Need help setting up the problem: If you deposited $800 into a savings account with an interest rate of 3.8%, what will be your balance at the end of 1 year. I was thinking the overall answer is 830.40 but you are supposed to use a percent equation and a proportion equation. I don't know how to do that in this situation. Thanks..
Compounded Annually:
P = Po(1+r)^n.
n = 1Comp/yr * 1yr = 1.
P = 800(1.038)^1 = $830.40
Simple Int.
P = P + Po*r*t = 800 + 800*0.038*1= $830.40.

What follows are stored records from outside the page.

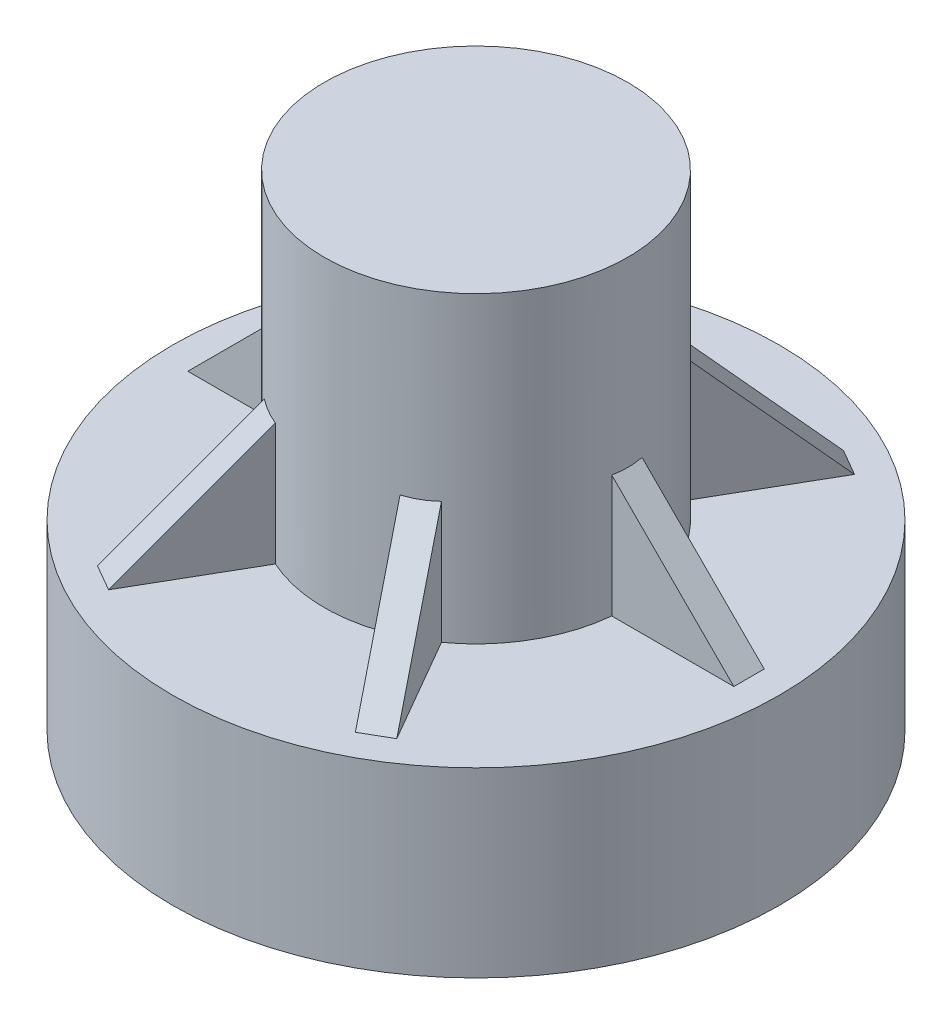
ISO-10303-21;
HEADER;
FILE_DESCRIPTION(('STEP AP214'),'2;1');
FILE_NAME('part.step','',(''),(''),'','','');
FILE_SCHEMA(('AUTOMOTIVE_DESIGN { 1 0 10303 214 1 1 1 1 }'));
ENDSEC;
DATA;
#1=APPLICATION_CONTEXT('core data for automotive mechanical design processes');
#2=APPLICATION_PROTOCOL_DEFINITION('international standard','automotive_design',2000,#1);
#3=PRODUCT_CONTEXT('',#1,'mechanical');
#4=PRODUCT('Part','Part','',(#3));
#5=PRODUCT_RELATED_PRODUCT_CATEGORY('part','',(#4));
#6=PRODUCT_DEFINITION_FORMATION('','',#4);
#7=PRODUCT_DEFINITION_CONTEXT('part definition',#1,'design');
#8=PRODUCT_DEFINITION('design','',#6,#7);
#9=PRODUCT_DEFINITION_SHAPE('','',#8);
#10=(LENGTH_UNIT() NAMED_UNIT(*) SI_UNIT(.MILLI.,.METRE.));
#11=(NAMED_UNIT(*) PLANE_ANGLE_UNIT() SI_UNIT($,.RADIAN.));
#12=(NAMED_UNIT(*) SI_UNIT($,.STERADIAN.) SOLID_ANGLE_UNIT());
#13=UNCERTAINTY_MEASURE_WITH_UNIT(LENGTH_MEASURE(1.E-05),#10,'distance_accuracy_value','');
#14=(GEOMETRIC_REPRESENTATION_CONTEXT(3) GLOBAL_UNCERTAINTY_ASSIGNED_CONTEXT((#13)) GLOBAL_UNIT_ASSIGNED_CONTEXT((#10,
#11,#12)) REPRESENTATION_CONTEXT('',''));
#15=CARTESIAN_POINT('',(0.,0.,0.));
#16=DIRECTION('',(0.,0.,1.));
#17=DIRECTION('',(1.,0.,0.));
#18=AXIS2_PLACEMENT_3D('',#15,#16,#17);
#19=CARTESIAN_POINT('',(24.9051040037769,73.20555272017,43.3012701892216));
#20=DIRECTION('',(-0.353553390593279,-0.707106781186551,-0.612372435695787));
#21=DIRECTION('',(0.353553390593283,-0.707106781186544,0.612372435695794));
#22=AXIS2_PLACEMENT_3D('',#19,#20,#21);
#23=PLANE('',#22);
#24=DIRECTION('',(0.353553390593283,-0.707106781186544,0.612372435695794));
#25=VECTOR('',#24,1.);
#26=CARTESIAN_POINT('',(20.5749769848547,73.20555272017,45.8012701892217));
#27=LINE('',#26,#25);
#28=CARTESIAN_POINT('',(20.4496629125202,73.4561808648391,45.584219849035));
#29=VERTEX_POINT('',#28);
#30=CARTESIAN_POINT('',(40.5749769848554,33.20555272017,80.4422863405994));
#31=VERTEX_POINT('',#30);
#32=EDGE_CURVE('E343',#29,#31,#27,.T.);
#33=ORIENTED_EDGE('',*,*,#32,.T.);
#34=DIRECTION('',(-0.866025403784433,0.,0.50000000000001));
#35=VECTOR('',#34,1.);
#36=CARTESIAN_POINT('',(44.9051040037775,33.20555272017,77.9422863405994));
#37=LINE('',#36,#35);
#38=CARTESIAN_POINT('',(49.2352310226997,33.20555272017,75.4422863405993));
#39=VERTEX_POINT('',#38);
#40=EDGE_CURVE('E47',#31,#39,#37,.F.);
#41=ORIENTED_EDGE('',*,*,#40,.T.);
#42=DIRECTION('',(0.353553390593283,-0.707106781186544,0.612372435695794));
#43=VECTOR('',#42,1.);
#44=CARTESIAN_POINT('',(29.235231022699,73.20555272017,40.8012701892216));
#45=LINE('',#44,#43);
#46=CARTESIAN_POINT('',(29.1099169503645,73.456180864839,40.5842198490349));
#47=VERTEX_POINT('',#46);
#48=EDGE_CURVE('E351',#47,#39,#45,.T.);
#49=ORIENTED_EDGE('',*,*,#48,.F.);
#50=CARTESIAN_POINT('',(-0.0948959962236216,123.20555272017,0.));
#51=DIRECTION('',(-0.353553390593279,-0.707106781186551,-0.612372435695787));
#52=DIRECTION('',(0.353553390593283,-0.707106781186544,0.612372435695794));
#53=AXIS2_PLACEMENT_3D('',#50,#51,#52);
#54=ELLIPSE('',#53,70.7106781186544,50.);
#55=EDGE_CURVE('E11',#29,#47,#54,.F.);
#56=ORIENTED_EDGE('',*,*,#55,.F.);
#57=EDGE_LOOP('',(#33,#41,#49,#56));
#58=FACE_BOUND('',#57,.T.);
#59=ADVANCED_FACE('F39',(#58),#23,.F.);
#60=CARTESIAN_POINT('',(4.23523102269854,53.20555272017,-2.50000000000005));
#61=DIRECTION('',(-0.866025403784433,0.,0.50000000000001));
#62=DIRECTION('',(0.50000000000001,0.,0.866025403784433));
#63=AXIS2_PLACEMENT_3D('',#60,#61,#62);
#64=PLANE('',#63);
#65=DIRECTION('',(0.50000000000001,0.,0.866025403784433));
#66=VECTOR('',#65,1.);
#67=CARTESIAN_POINT('',(4.23523102269854,33.20555272017,-2.50000000000005));
#68=LINE('',#67,#66);
#69=CARTESIAN_POINT('',(29.1099169503645,33.20555272017,40.5842198490349));
#70=VERTEX_POINT('',#69);
#71=EDGE_CURVE('E54',#70,#39,#68,.T.);
#72=ORIENTED_EDGE('',*,*,#71,.F.);
#73=DIRECTION('',(0.,-1.,0.));
#74=VECTOR('',#73,1.);
#75=CARTESIAN_POINT('',(29.1099169503645,133.20555272017,40.5842198490349));
#76=LINE('',#75,#74);
#77=EDGE_CURVE('E60',#70,#47,#76,.F.);
#78=ORIENTED_EDGE('',*,*,#77,.T.);
#79=ORIENTED_EDGE('',*,*,#48,.T.);
#80=EDGE_LOOP('',(#72,#78,#79));
#81=FACE_BOUND('',#80,.T.);
#82=ADVANCED_FACE('F382',(#81),#64,.F.);
#83=CARTESIAN_POINT('',(-4.42502301514579,53.20555272017,2.50000000000005));
#84=DIRECTION('',(-0.866025403784433,0.,0.50000000000001));
#85=DIRECTION('',(0.50000000000001,0.,0.866025403784433));
#86=AXIS2_PLACEMENT_3D('',#83,#84,#85);
#87=PLANE('',#86);
#88=DIRECTION('',(0.,-1.,0.));
#89=VECTOR('',#88,1.);
#90=CARTESIAN_POINT('',(20.4496629125202,133.20555272017,45.584219849035));
#91=LINE('',#90,#89);
#92=CARTESIAN_POINT('',(20.4496629125202,33.20555272017,45.584219849035));
#93=VERTEX_POINT('',#92);
#94=EDGE_CURVE('E337',#93,#29,#91,.F.);
#95=ORIENTED_EDGE('',*,*,#94,.F.);
#96=DIRECTION('',(0.50000000000001,0.,0.866025403784433));
#97=VECTOR('',#96,1.);
#98=CARTESIAN_POINT('',(-4.42502301514579,33.20555272017,2.50000000000005));
#99=LINE('',#98,#97);
#100=EDGE_CURVE('E340',#93,#31,#99,.T.);
#101=ORIENTED_EDGE('',*,*,#100,.T.);
#102=ORIENTED_EDGE('',*,*,#32,.F.);
#103=EDGE_LOOP('',(#95,#101,#102));
#104=FACE_BOUND('',#103,.T.);
#105=ADVANCED_FACE('F364',(#104),#87,.T.);
#106=CARTESIAN_POINT('',(-25.0948959962232,73.20555272017,43.3012701892222));
#107=DIRECTION('',(0.353553390593266,-0.707106781186551,-0.612372435695794));
#108=DIRECTION('',(-0.35355339059327,-0.707106781186544,0.612372435695801));
#109=AXIS2_PLACEMENT_3D('',#106,#107,#108);
#110=PLANE('',#109);
#111=DIRECTION('',(-0.35355339059327,-0.707106781186544,0.612372435695801));
#112=VECTOR('',#111,1.);
#113=CARTESIAN_POINT('',(-29.4250230151454,73.20555272017,40.8012701892222));
#114=LINE('',#113,#112);
#115=CARTESIAN_POINT('',(-29.2997089428109,73.4561808648391,40.5842198490355));
#116=VERTEX_POINT('',#115);
#117=CARTESIAN_POINT('',(-49.4250230151453,33.20555272017,75.4422863406003));
#118=VERTEX_POINT('',#117);
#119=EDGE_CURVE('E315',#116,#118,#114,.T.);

To calculate the balance at the end of 1 year, you can use the formula for simple interest:
Interest = Principal * Rate * Time
Where:
Principal = $800 (initial deposit)
Rate = 3.8% (expressed as a decimal, so 3.8/100 = 0.038)
Time = 1 year
Step 1: Calculate the interest earned:
Interest = 800 * 0.038 * 1
Interest = $30.40
Step 2: Add the interest earned to the initial deposit:
Final balance = Deposit + Interest
Final balance = $800 + $30.40
Final balance = $830.40
So, your intuition was correct. The balance at the end of 1 year will be $830.40.
If you would like me to explain how to solve this using a percent equation and a proportion equation, please let me know.
To solve this problem using both a percent equation and a proportion equation, we first need to understand the concepts behind each equation.
1. Percent equation: A percent equation expresses the relationship between a part and a whole using a percentage. It can be represented as follows:
Part = (Percentage / 100) × Whole
In this case, the "part" is the interest earned on the deposit, the "percentage" is the interest rate of 3.8%, and the "whole" is the initial deposit of $800. By applying this equation, we can calculate the interest earned.
2. Proportion equation: A proportion equation represents an equivalence between two ratios or fractions. It can be expressed as follows:
(Part/Whole) = (Part/Whole)
In this case, the "part" is the interest earned on the deposit, and the "whole" is the initial deposit plus the interest earned. By setting up a proportion equation, we can determine the new balance.
Now let's solve the problem step by step:
Step 1: Calculate the interest earned using the percent equation.
Part = (3.8 / 100) × 800
Part = 0.038 × 800
Part = 30.4
Step 2: Calculate the new balance using the proportion equation.
(Part/Whole) = (Part/Whole)
(30.4 / (800 + 30.4)) = (30.4 / Whole)
Cross-multiplying, we get:
30.4 × Whole = (800 + 30.4) × 30.4
Simplifying the equation:
30.4 × Whole = 24320 + 924.16
30.4 × Whole ≈ 25244.16
Solving for Whole:
Whole ≈ 25244.16 / 30.4
Whole ≈ 829.473
So, the approximate balance at the end of 1 year will be $829.47 (rounded to the nearest cent).
It's important to note that using the percent equation and proportion equation helps to understand and solve the problem step by step, ensuring accuracy in the calculations.